Research

My research centers on how prime numbers distribute among natural numbers and interesting applications of such information to various problems in analytic and probabilistic number theory. I am particularly interested in the distribution of primes in intervals and arithmetic progressions as well as in gaps between consecutive primes. Well-known unsolved problems in these directions include the Riemann Hypothesis and the Twin Prime Conjecture. To study primes, I use a combination of tools from complex analysis, harmonic analysis, sieve theory, probability theory and combinatorics, and this is where my area of research interacts with other areas in exciting ways.

Studying the distribution of primes is important in that primes are the building blocks of natural numbers and information about them is therefore indispensable in the study of plenty of arithmetic objects and structures.
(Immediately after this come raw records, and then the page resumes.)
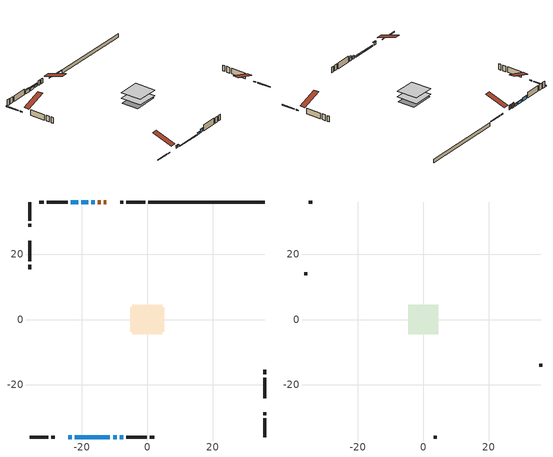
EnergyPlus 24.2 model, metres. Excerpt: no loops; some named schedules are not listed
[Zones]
conditioned space
 floor adiabatic (AdiabaticFloorConstruction): -4.53,-4.53 -4.53,4.53 4.53,4.53 4.53,-4.53 z0.15
 floor foundation (Slab1 construction): -5.23,-3.71 -5.23,3.71 5.23,3.71 5.23,-3.71 z-1.37
 wall outside (RimJoist1 construction): -0.69,36.01 -6.42,36.01 / -36.01,-36.01 -30.27,-36.01 / -36.01,36.01 -36.01,30.27 / 36.01,-36.01 36.01,-30.27 z0.15:0.45
 wall outside (RimJoist2 construction): -7.35,36.01 -8.32,36.01 / -29.34,-36.01 -28.37,-36.01 / -36.01,29.34 -36.01,28.37 / 36.01,-29.34 36.01,-28.37 z0.15:0.45
 wall outside (AdiabaticWallConstruction 1): -12.51,36.01 -13.4,36.01 / -14.32,36.01 -15.21,36.01 z0.15:2.18
 wall outside (AdiabaticWallConstruction): -16.14,36.01 -17.21,36.01 / -18.14,36.01 -20.27,36.01 z0.15:1.17; -21.2,36.01 -23.49,36.01 z0.15:1.47; -24.19,-36.01 -23.12,-36.01 z0.15:1.22; -22.19,-36.01 -11.41,-36.01 z0.15:0.2; -10.49,-36.01 -9.42,-36.01 z0.15:0.91; -8.49,-36.01 -7.42,-36.01 z0.15:1.52
 wall outside (Wall1 construction): -24.42,36.01 -30.82,36.01 / -6.49,-36.01 -0.09,-36.01 / -36.01,24.19 -36.01,17.78 / 36.01,-24.19 36.01,-17.78 z0.15:2.59
 wall outside (Wall2 construction): -31.75,36.01 -33.13,36.01 / 0.84,-36.01 2.22,-36.01 / -36.01,16.85 -36.01,15.47 / 36.01,-16.85 36.01,-15.47 z0.15:2.59
 wall foundation (FoundationWall1 construction): 36.01,36.01 0.24,36.01 z-1.37:0.15
 window (WindowConstruction): -16.14,36.01 -17.21,36.01 z0.15:1.16
 window (WindowConstruction 1): -18.14,36.01 -20.27,36.01 z0.15:1.16
 window (WindowConstruction 2): -21.2,36.01 -23.49,36.01 z0.15:1.47
 window (WindowConstruction 3): -24.19,-36.01 -23.12,-36.01 z0.15:1.22
 window (WindowConstruction 4): -22.19,-36.01 -11.41,-36.01 z0.15:0.2
 window (WindowConstruction 5): -10.49,-36.01 -9.42,-36.01 z0.15:0.91
 window (WindowConstruction 6): -8.49,-36.01 -7.42,-36.01 z0.15:1.52
 door (Door): -12.51,36.01 -13.4,36.01 z0.15:2.18
 door (Door 1): -14.32,36.01 -15.21,36.01 z0.15:2.18
 ceiling adiabatic (AdiabaticFloorConstruction): 4.53,-4.53 4.53,4.53 -4.53,4.53 -4.53,-4.53 z0.15
attic - vented
 floor to conditioned space (Floor1 construction Reversed): -4.53,-4.53 -4.53,4.53 4.53,4.53 4.53,-4.53 z2.59
 wall outside (Wall3 construction): -34.06,36.01 -35.08,36.01 / 3.15,-36.01 4.16,-36.01 / -36.01,14.54 -36.01,13.53 / 36.01,-14.54 36.01,-13.53 z0.15:2.59
 roof outside (Roof1 construction): -11.58,36.01,2.59 -11.58,27.17,5.53 -9.25,27.17,5.53 -9.25,36.01,2.59; -25.12,-36.01,2.59 -25.12,-27.17,5.53 -27.44,-27.17,5.53 -27.44,-36.01,2.59; -36.01,25.12,2.59 -27.17,25.12,5.53 -27.17,27.44,5.53 -36.01,27.44,2.59; 36.01,-25.12,2.59 27.17,-25.12,5.53 27.17,-27.44,5.53 36.01,-27.44,2.59
shading: -17.41,36.01 -15.94,36.01 -15.94,36.42 -17.41,36.42 z1.37; -20.47,36.01 -17.94,36.01 -17.94,36.42 -20.47,36.42 z1.37; -23.69,36.01 -21,36.01 -21,36.42 -23.69,36.42 z1.67; -22.92,-36.01 -24.39,-36.01 -24.39,-36.42 -22.92,-36.42 z1.42; -11.21,-36.01 -22.39,-36.01 -22.39,-36.42 -11.21,-36.42 z0.4; -9.22,-36.01 -10.69,-36.01 -10.69,-36.42 -9.22,-36.42 z1.11; -7.22,-36.01 -8.69,-36.01 -8.69,-36.42 -7.22,-36.42 z1.72
[Building]
Building 1: Terrain=Suburbs
[Site:Location]
Edmonton Intl AP_AB: Latitude {deg}=53.31; Longitude {deg}=-113.58; Time Zone {hr}=-7; Elevation {m}=723; Keep Site Location Information=Yes
[Site:GroundTemperature:Shallow]
-1.56185, -3.61833, -3.78302, -2.80711, 1.11059, 5.01004, 8.39065, 10.5322, 10.7141, 8.97234, 5.67794, 1.89811
[Site:WaterMainsTemperature]
Calculation Method=Schedule; Temperature Schedule=mains temperature schedule
[Material] Roughness=Rough; Thermal Absorptance=0.9
Name | Thickness {m} | Conductivity {W/m-K} | Density {kg/m3} | Specific Heat {J/kg-K} | Solar Absorptance | Visible Absorptance
asphalt or fiberglass shingles | 0.00635 | 0.162714 | 1121.4 | 1465.45 | 0.4 | 0.4
ceiling stud and cavity | 0.1397 | 0.198342 | 65.682 | 1177.47 | 0.7 | 0.7
concrete 4.0 in. | 0.1016 | 1.803125 | 2242.8 | 837.4 | 0.7 | 0.7
concrete 8.0 in. | 0.2032 | 1.803125 | 2242.8 | 837.4 | 0.7 | 0.7
door material | 0.04445 | 0.053851 | 512.64 | 1214.23 | 0.7 | 0.7
door material 1 | 0.04445 | 0.188738 | 512.64 | 1214.23 | 0.7 | 0.7
floor covering | 0.0127 | 0.0433444 | 54.468 | 1339.84 | 0.6 | 0.6
floor rigid ins; wall rigid ins | 0.512978 | 0.029427 | 32.04 | 1214.23 | 0.7 | 0.7
floor stud and cavity | 0.1397 | 1.75129 | 37.0049 | 1207.88 | 0.7 | 0.7
furniture material conditioned space 1 | 0.1524 | 0.115458 | 640.8 | 1214.23 | 0.6 | 0.6
gypsum board | 0.0127 | 0.160291 | 801 | 837.4 | 0.6 | 0.6
osb sheathing 0.5 in. | 0.0127 | 0.115458 | 512.64 | 1214.23 | 0.7 | 0.7
osb sheathing 0.75 in. | 0.01905 | 0.115458 | 512.64 | 1214.23 | 0.7 | 0.7
rim joist stud and cavity | 0.0508 | 0.312044 | 50.32683 | 1063.81 | 0.6 | 0.6
rim joist stud and cavity 1 | 0.0508 | 0.194335 | 50.32683 | 1063.81 | 0.6 | 0.6
wall stud and cavity | 0.1397 | 0.100811 | 139.0536 | 1170.24 | 0.7 | 0.7
wall stud and cavity 1 | 0.1397 | 0.104668 | 139.0536 | 1170.24 | 0.7 | 0.7
wall stud and cavity 2 | 0.0889 | 6.1454 | 50.32683 | 1063.81 | 0.6 | 0.6
wall stud and cavity 3 | 0.0889 | 0.380278 | 52.3479 | 1209.89 | 0.7 | 0.7
wall stud and cavity 4 | 0.0889 | 0.391764 | 83.0341 | 1211.67 | 0.7 | 0.7
wood siding | 0.0254 | 0.102417 | 544.68 | 1172.36 | 0.4 | 0.4
wood siding 1 | 0.00254 | 0.102417 | 544.68 | 1172.36 | 0.4 | 0.4
wood siding 2; wood siding 3; wood siding 4 | 0.0254 | 0.102417 | 544.68 | 1172.36 | 0.7 | 0.7
[WindowMaterial:SimpleGlazingSystem]
Name | U-Factor {W/m2-K} | Solar Heat Gain Coefficient
WindowMaterial | 2.95256 | 0.58
WindowMaterial 1 | 3.00537 | 0.54
WindowMaterial 2 | 2.89408 | 0.69
WindowMaterial 3 | 2.94859 | 0.58
WindowMaterial 4 | 2.90032 | 0.04
WindowMaterial 5 | 2.97187 | 0.55
WindowMaterial 6 | 2.97981 | 0.57
[Construction]
AdiabaticFloorConstruction: floor stud and cavity, floor rigid ins, osb sheathing 0.75 in., floor covering
AdiabaticWallConstruction: wood siding 3, wall rigid ins, wall stud and cavity 3, gypsum board
AdiabaticWallConstruction 1: wood siding 4, wall rigid ins, wall stud and cavity 3, gypsum board
Door: door material
Door 1: door material 1
Floor1 construction Reversed: gypsum board, ceiling stud and cavity
FoundationWall1 construction: concrete 8.0 in.
furniture construction conditioned space 1: furniture material conditioned space 1
PartitionWallConstruction: gypsum board, wall stud and cavity 4, gypsum board
RimJoist1 construction: wood siding 2, rim joist stud and cavity
RimJoist2 construction: wood siding 2, rim joist stud and cavity 1
Roof1 construction: asphalt or fiberglass shingles
Slab1 construction: concrete 4.0 in.
Wall1 construction: wood siding, osb sheathing 0.5 in., wall stud and cavity, gypsum board
Wall2 construction: wood siding, osb sheathing 0.5 in., wall stud and cavity 1, gypsum board
Wall3 construction: wood siding 1, wall stud and cavity 2
WindowConstruction: WindowMaterial
WindowConstruction 1: WindowMaterial 1
WindowConstruction 2: WindowMaterial 2
WindowConstruction 3: WindowMaterial 3
WindowConstruction 4: WindowMaterial 4
WindowConstruction 5: WindowMaterial 5
WindowConstruction 6: WindowMaterial 6
[Zone] Multiplier=1; Part of Total Floor Area=Yes
Name | Volume {m3}
attic - vented | 39.293
conditioned space | 336.6
[Space]
Name | Zone | Volume {m3}
attic - vented 1 | attic - vented | 39.293
conditioned space 1 | conditioned space | 336.6
[ZoneInfiltration:EffectiveLeakageArea]
infil attic - vented 1: Zone or Space=attic - vented 1; Schedule=Always On Discrete; Effective Air Leakage Area {cm2}=2859.83; Stack Coefficient=0.000374278; Wind Coefficient=1.30713e-05
[ZoneMixing]
whole house fan mix: Zone or Space=attic - vented; Schedule=Always On Continuous; Design Flow Rate Calculation Method=Flow/Zone; Design Flow Rate {m3/s}=0; Source Zone or Space=conditioned space
[SurfaceProperty:ExposedFoundationPerimeter]
Slab1: Exposed Perimeter Calculation Method=TotalExposedPerimeter; Total Exposed Perimeter {m}=35.764
[InternalMass] Zone or ZoneList=conditioned space; Space or SpaceList=conditioned space 1
Name | Construction | Surface Area {m2}
furniture mass conditioned space 1 | furniture construction conditioned space 1 | 63.9239
partition wall mass | PartitionWallConstruction | 159.81
[Lights]
interior lighting: Zone or ZoneList or Space or SpaceList=conditioned space 1; Schedule=interior lighting schedule; Design Level Calculation Method=LightingLevel; Lighting Level {W}=343.2; Return Air Fraction=0; Fraction Radiant=0.6; Fraction Visible=0.2; Fraction Replaceable=1
[People]
occupants: Zone or ZoneList or Space or SpaceList=conditioned space 1; Number of People Schedule=occupants schedule; Number of People Calculation Method=People; Number of People=3; Fraction Radiant=0.314171; Sensible Heat Fraction=0.56303; Activity Level Schedule=occupants activity schedule; Carbon Dioxide Generation Rate {m3/s-W}=0; Enable ASHRAE 55 Comfort Warnings=No; Mean Radiant Temperature Calculation Type=EnclosureAveraged
[ElectricEquipment] Zone or ZoneList or Space or SpaceList=conditioned space 1; Design Level Calculation Method=EquipmentLevel
Name | Schedule | Design Level {W} | Fraction Latent | Fraction Radiant | Fraction Lost
clothes dryer | clothes dryer schedule | 140.772 | 0.015 | 0.081 | 0.85
clothes washer | clothes washer schedule | 32.1985 | 0.03 | 0.162 | 0.7
cooking range | cooking range schedule | 215.147 | 0.08 | 0.432 | 0.2
dishwasher | dishwasher schedule | 66.8632 | 0.3 | 0.18 | 0.4
fridge | fridge schedule | 72.9452 | 0 | 0.6 | 0
mech vent bath fan 0 | mech vent bath fan 0 schedule | 50.2 | 0 | 0 | 1
mech vent bath fan 1 | mech vent bath fan 1 schedule | 50.2 | 0 | 0 | 1
mech vent house fan | mech vent house fan schedule | 0 | 0 | 0 | 1
mech vent house fan cfis | mech vent house fan cfis schedule | 0 | 0 | 0 | 0
mech vent range fan 0 | mech vent range fan 0 schedule | 57 | 0 | 0 | 1
misc plug loads | misc plug loads schedule | 494.7 | 0.045 | 0.513 | 0.1
whole house fan | Always On Discrete | 0 | 0 | 0 | 1
[OtherEquipment] Zone or ZoneList or Space or SpaceList=conditioned space 1; Design Level Calculation Method=EquipmentLevel
Name | Fuel Type | Schedule | Design Level {W} | Fraction Latent | Fraction Radiant | Fraction Lost
clothes dryer 1 | Electricity | clothes dryer schedule | 0 | 0.015 | 0.081 | 0.85
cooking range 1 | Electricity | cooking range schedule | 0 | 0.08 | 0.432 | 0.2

One such example is arithmetic functions, which are functions defined on natural numbers. In my research, I study the mean values of these functions as well as their distributions when modeled as appropriate random variables. As in my study of primes, I apply a variety of techniques to handle problems about arithmetic functions. Not only does my research find its applications in my field, but it also sheds light on some objects from algebraic number theory. For instance, my research on weighted Erdős–Kac theorems leads to a new proof of a central limit theorem for Ramanujan’s τ-function due to Elliott, and my recent work with Paul Pollack on an analogue of Carmichael’s function plays an important role in the study of the typical size of an order in a fixed quadratic number field.